Homes in East typically score 68–82.The three-lens summary
What families tell us
Families describe how their relatives have settled in well here, with staff who pick up on individual preferences and respond to them day by day. The atmosphere feels relaxed, and relatives say they've gotten to know both staff and other residents during their visits.
What inspectors have recorded
Staff pay attention to what each resident needs and likes, something families notice across different shifts and visits. They offer activities regularly but let residents choose their level of involvement without any pressure.

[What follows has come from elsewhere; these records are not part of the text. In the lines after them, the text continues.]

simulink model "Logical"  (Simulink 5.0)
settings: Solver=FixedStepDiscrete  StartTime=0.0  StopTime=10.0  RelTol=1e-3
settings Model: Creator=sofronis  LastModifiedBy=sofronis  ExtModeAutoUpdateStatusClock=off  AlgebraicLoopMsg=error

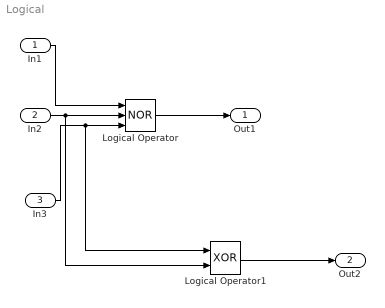
== system Logical ==
  In1 : Inport  SampleTime=1
  In2 : Inport  Port=2  SampleTime=1
  In3 : Inport  Port=3  SampleTime=1
  Logical Operator : Logic  Operator=NOR  Inputs=3  ShowAdditionalParam=on
  Logical Operator1 : Logic  Operator=XOR  ShowAdditionalParam=on
  Out1 : Outport
  Out2 : Outport  Port=2
  wires:
  In1/1 -> Logical Operator/1
  In2/1 -> Logical Operator/2, Logical Operator1/2
  Logical Operator/1 -> Out1/1
  In3/1 -> Logical Operator/3, Logical Operator1/1
  Logical Operator1/1 -> Out2/1
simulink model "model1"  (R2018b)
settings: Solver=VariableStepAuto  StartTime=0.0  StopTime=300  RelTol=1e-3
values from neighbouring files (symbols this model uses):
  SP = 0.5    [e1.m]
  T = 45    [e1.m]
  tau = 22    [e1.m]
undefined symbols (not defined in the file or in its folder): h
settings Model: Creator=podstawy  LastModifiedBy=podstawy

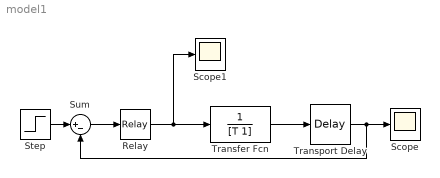
== system model1 ==
  Relay : Relay  OnSwitchValue=h  OffSwitchValue=-h
  Scope : Scope
  Scope1 : Scope
  Step : Step  After=SP  SampleTime=0
  Sum : Sum  Inputs=|+-
  Transfer Fcn : TransferFcn  Denominator=[T 1]
  Transport Delay : TransportDelay  DelayTime=tau
  wires:
  Step/1 -> Sum/1
  Sum/1 -> Relay/1
  Relay/1 -> Transfer Fcn/1, Scope1/1
  Transfer Fcn/1 -> Transport Delay/1
  Transport Delay/1 -> Sum/2, Scope/1

How it sits against good practice
While most families speak warmly about the care here, it's worth noting that first impressions at reception don't always reflect the kindness found throughout the rest of the home.
Worth a visit
Foxholes Care Home on Pirton Road in Hitchin was rated Good at its most recent inspection in September 2024, with the report published in December 2024. This is a meaningful improvement: the home previously held a Requires Improvement rating, and achieving Good across all five inspection domains, covering safety, effectiveness, care, responsiveness, and leadership, represents genuine progress. The home supports 110 people, including those living with dementia, physical disabilities, and adults both over and under 65, and is run by a registered manager who is also the nominated individual, meaning there is a single named person accountable for everything that happens here. The main caution for you as a family is that the published inspection summary contains very limited specific detail. There are no direct quotes from residents or relatives, no recorded inspector observations of staff interactions, and no specific examples of what Good looks like day to day in this home. That does not mean care is not good; it means you will need to find out for yourself on a visit. The questions in the checklist below, particularly around night staffing, agency use, dementia-specific activities, and how families are kept informed, are the ones this inspection simply did not answer. Go and see for yourself, and ask to speak to the registered manager in person.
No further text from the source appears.